During serial passages of transient transfectants
generated as described above, BLV can spread by both cell-to-cell and
cell-free transmission. To characterize the biological functions of
YXXL sequences in gp30 in viral transmission, it is essential to
establish stable transfectants that can produce sufficient quantities
of mutant BLV for subsequent infection experiments.

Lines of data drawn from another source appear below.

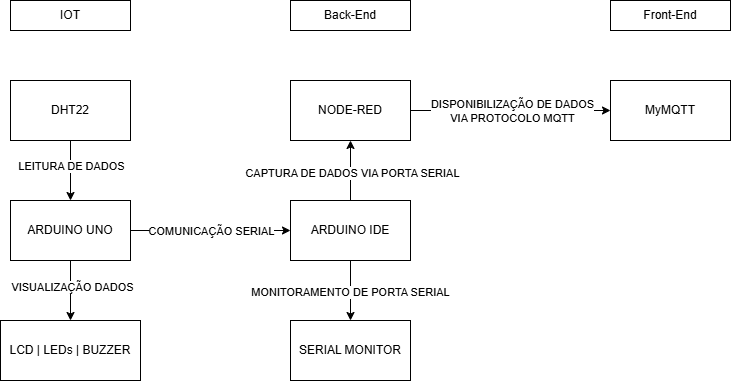

The diagram above was exported from draw.io. Its source (the exported page's mxGraphModel, read from the mxfile embedded in the PNG):
<mxGraphModel dx="1426" dy="777" grid="1" gridSize="10" guides="1" tooltips="1" connect="1" arrows="1" fold="1" page="1" pageScale="1" pageWidth="827" pageHeight="1169" background="light-dark(#FFFFFF,#85A4AF)" math="0" shadow="0">
  <root>
    <mxCell id="0" />
    <mxCell id="1" parent="0" />
    <mxCell id="z_pZaS3spQE4yImBBYP_-1" value="IOT" style="rounded=0;whiteSpace=wrap;html=1;labelBackgroundColor=default;" vertex="1" parent="1">
      <mxGeometry x="40" y="80" width="120" height="30" as="geometry" />
    </mxCell>
    <mxCell id="z_pZaS3spQE4yImBBYP_-6" value="" style="edgeStyle=orthogonalEdgeStyle;rounded=0;orthogonalLoop=1;jettySize=auto;html=1;labelBackgroundColor=default;" edge="1" parent="1" source="z_pZaS3spQE4yImBBYP_-2" target="z_pZaS3spQE4yImBBYP_-5">
      <mxGeometry relative="1" as="geometry" />
    </mxCell>
    <mxCell id="z_pZaS3spQE4yImBBYP_-20" value="VISUALIZAÇÃO DADOS" style="edgeLabel;html=1;align=center;verticalAlign=middle;resizable=0;points=[];labelBackgroundColor=default;" vertex="1" connectable="0" parent="z_pZaS3spQE4yImBBYP_-6">
      <mxGeometry x="-0.1429" y="1" relative="1" as="geometry">
        <mxPoint as="offset" />
      </mxGeometry>
    </mxCell>
    <mxCell id="z_pZaS3spQE4yImBBYP_-8" value="" style="edgeStyle=orthogonalEdgeStyle;rounded=0;orthogonalLoop=1;jettySize=auto;html=1;labelBackgroundColor=default;" edge="1" parent="1" source="z_pZaS3spQE4yImBBYP_-2" target="z_pZaS3spQE4yImBBYP_-7">
      <mxGeometry relative="1" as="geometry" />
    </mxCell>
    <mxCell id="z_pZaS3spQE4yImBBYP_-16" value="COMUNICAÇÃO SERIAL" style="edgeLabel;html=1;align=center;verticalAlign=middle;resizable=0;points=[];labelBackgroundColor=default;" vertex="1" connectable="0" parent="z_pZaS3spQE4yImBBYP_-8">
      <mxGeometry relative="1" as="geometry">
        <mxPoint as="offset" />
      </mxGeometry>
    </mxCell>
    <mxCell id="z_pZaS3spQE4yImBBYP_-2" value="ARDUINO UNO" style="rounded=0;whiteSpace=wrap;html=1;labelBackgroundColor=default;" vertex="1" parent="1">
      <mxGeometry x="40" y="280" width="120" height="60" as="geometry" />
    </mxCell>
    <mxCell id="z_pZaS3spQE4yImBBYP_-4" value="" style="edgeStyle=orthogonalEdgeStyle;rounded=0;orthogonalLoop=1;jettySize=auto;html=1;labelBackgroundColor=default;" edge="1" parent="1" source="z_pZaS3spQE4yImBBYP_-3" target="z_pZaS3spQE4yImBBYP_-2">
      <mxGeometry relative="1" as="geometry" />
    </mxCell>
    <mxCell id="z_pZaS3spQE4yImBBYP_-19" value="LEITURA DE DADOS" style="edgeLabel;html=1;align=center;verticalAlign=middle;resizable=0;points=[];labelBackgroundColor=default;" vertex="1" connectable="0" parent="z_pZaS3spQE4yImBBYP_-4">
      <mxGeometry x="-0.1778" relative="1" as="geometry">
        <mxPoint as="offset" />
      </mxGeometry>
    </mxCell>
    <mxCell id="z_pZaS3spQE4yImBBYP_-3" value="DHT22" style="rounded=0;whiteSpace=wrap;html=1;labelBackgroundColor=default;" vertex="1" parent="1">
      <mxGeometry x="40" y="160" width="120" height="60" as="geometry" />
    </mxCell>
    <mxCell id="z_pZaS3spQE4yImBBYP_-5" value="LCD | LEDs | BUZZER" style="rounded=0;whiteSpace=wrap;html=1;labelBackgroundColor=default;" vertex="1" parent="1">
      <mxGeometry x="30" y="400" width="140" height="60" as="geometry" />
    </mxCell>
    <mxCell id="z_pZaS3spQE4yImBBYP_-18" value="" style="edgeStyle=orthogonalEdgeStyle;rounded=0;orthogonalLoop=1;jettySize=auto;html=1;labelBackgroundColor=default;" edge="1" parent="1" source="z_pZaS3spQE4yImBBYP_-7" target="z_pZaS3spQE4yImBBYP_-17">
      <mxGeometry relative="1" as="geometry" />
    </mxCell>
    <mxCell id="z_pZaS3spQE4yImBBYP_-21" value="MONITORAMENTO DE PORTA SERIAL" style="edgeLabel;html=1;align=center;verticalAlign=middle;resizable=0;points=[];labelBackgroundColor=default;" vertex="1" connectable="0" parent="z_pZaS3spQE4yImBBYP_-18">
      <mxGeometry x="0.0333" y="-1" relative="1" as="geometry">
        <mxPoint as="offset" />
      </mxGeometry>
    </mxCell>
    <mxCell id="z_pZaS3spQE4yImBBYP_-23" value="" style="edgeStyle=orthogonalEdgeStyle;rounded=0;orthogonalLoop=1;jettySize=auto;html=1;labelBackgroundColor=default;" edge="1" parent="1" source="z_pZaS3spQE4yImBBYP_-7" target="z_pZaS3spQE4yImBBYP_-22">
      <mxGeometry relative="1" as="geometry" />
    </mxCell>
    <mxCell id="z_pZaS3spQE4yImBBYP_-24" value="CAPTURA DE DADOS VIA PORTA SERIAL" style="edgeLabel;html=1;align=center;verticalAlign=middle;resizable=0;points=[];labelBackgroundColor=default;" vertex="1" connectable="0" parent="z_pZaS3spQE4yImBBYP_-23">
      <mxGeometry x="-0.075" y="-1" relative="1" as="geometry">
        <mxPoint as="offset" />
      </mxGeometry>
    </mxCell>
    <mxCell id="z_pZaS3spQE4yImBBYP_-7" value="ARDUINO IDE" style="whiteSpace=wrap;html=1;rounded=0;labelBackgroundColor=default;" vertex="1" parent="1">
      <mxGeometry x="320" y="280" width="120" height="60" as="geometry" />
    </mxCell>
    <mxCell id="z_pZaS3spQE4yImBBYP_-13" value="Back-End" style="rounded=0;whiteSpace=wrap;html=1;labelBackgroundColor=default;" vertex="1" parent="1">
      <mxGeometry x="320" y="80" width="120" height="30" as="geometry" />
    </mxCell>
    <mxCell id="z_pZaS3spQE4yImBBYP_-17" value="SERIAL MONITOR" style="whiteSpace=wrap;html=1;rounded=0;labelBackgroundColor=default;" vertex="1" parent="1">
      <mxGeometry x="320" y="400" width="120" height="60" as="geometry" />
    </mxCell>
    <mxCell id="z_pZaS3spQE4yImBBYP_-36" value="" style="edgeStyle=orthogonalEdgeStyle;rounded=0;orthogonalLoop=1;jettySize=auto;html=1;labelBackgroundColor=default;" edge="1" parent="1" source="z_pZaS3spQE4yImBBYP_-22" target="z_pZaS3spQE4yImBBYP_-35">
      <mxGeometry relative="1" as="geometry" />
    </mxCell>
    <mxCell id="z_pZaS3spQE4yImBBYP_-40" value="DISPONIBILIZAÇÃO DE DADOS&lt;div&gt;VIA PROTOCOLO MQTT&lt;/div&gt;" style="edgeLabel;html=1;align=center;verticalAlign=middle;resizable=0;points=[];labelBackgroundColor=default;" vertex="1" connectable="0" parent="z_pZaS3spQE4yImBBYP_-36">
      <mxGeometry x="0.01" relative="1" as="geometry">
        <mxPoint as="offset" />
      </mxGeometry>
    </mxCell>
    <mxCell id="z_pZaS3spQE4yImBBYP_-22" value="NODE-RED" style="whiteSpace=wrap;html=1;rounded=0;labelBackgroundColor=default;" vertex="1" parent="1">
      <mxGeometry x="320" y="160" width="120" height="60" as="geometry" />
    </mxCell>
    <mxCell id="z_pZaS3spQE4yImBBYP_-25" value="Front-End" style="rounded=0;whiteSpace=wrap;html=1;labelBackgroundColor=default;" vertex="1" parent="1">
      <mxGeometry x="640" y="80" width="120" height="30" as="geometry" />
    </mxCell>
    <mxCell id="z_pZaS3spQE4yImBBYP_-35" value="MyMQTT" style="whiteSpace=wrap;html=1;rounded=0;labelBackgroundColor=default;" vertex="1" parent="1">
      <mxGeometry x="640" y="160" width="120" height="60" as="geometry" />
    </mxCell>
  </root>
</mxGraphModel>

Therefore, we transfected COS-1 cells with linearized pBLV-IF mutant DNA and pBLVLTR(U3)-neo, which contained the LTR-U3 region of BLV
cloned upstream of the neomycin resistance gene, and then cultured
cells in the presence of G418 as described previously (32).
After G418-resistant colonies had grown up, we individually expanded several colonies within each series of transfectants and examined the
expression of cell-associated BLV antigens by Western blotting (Fig.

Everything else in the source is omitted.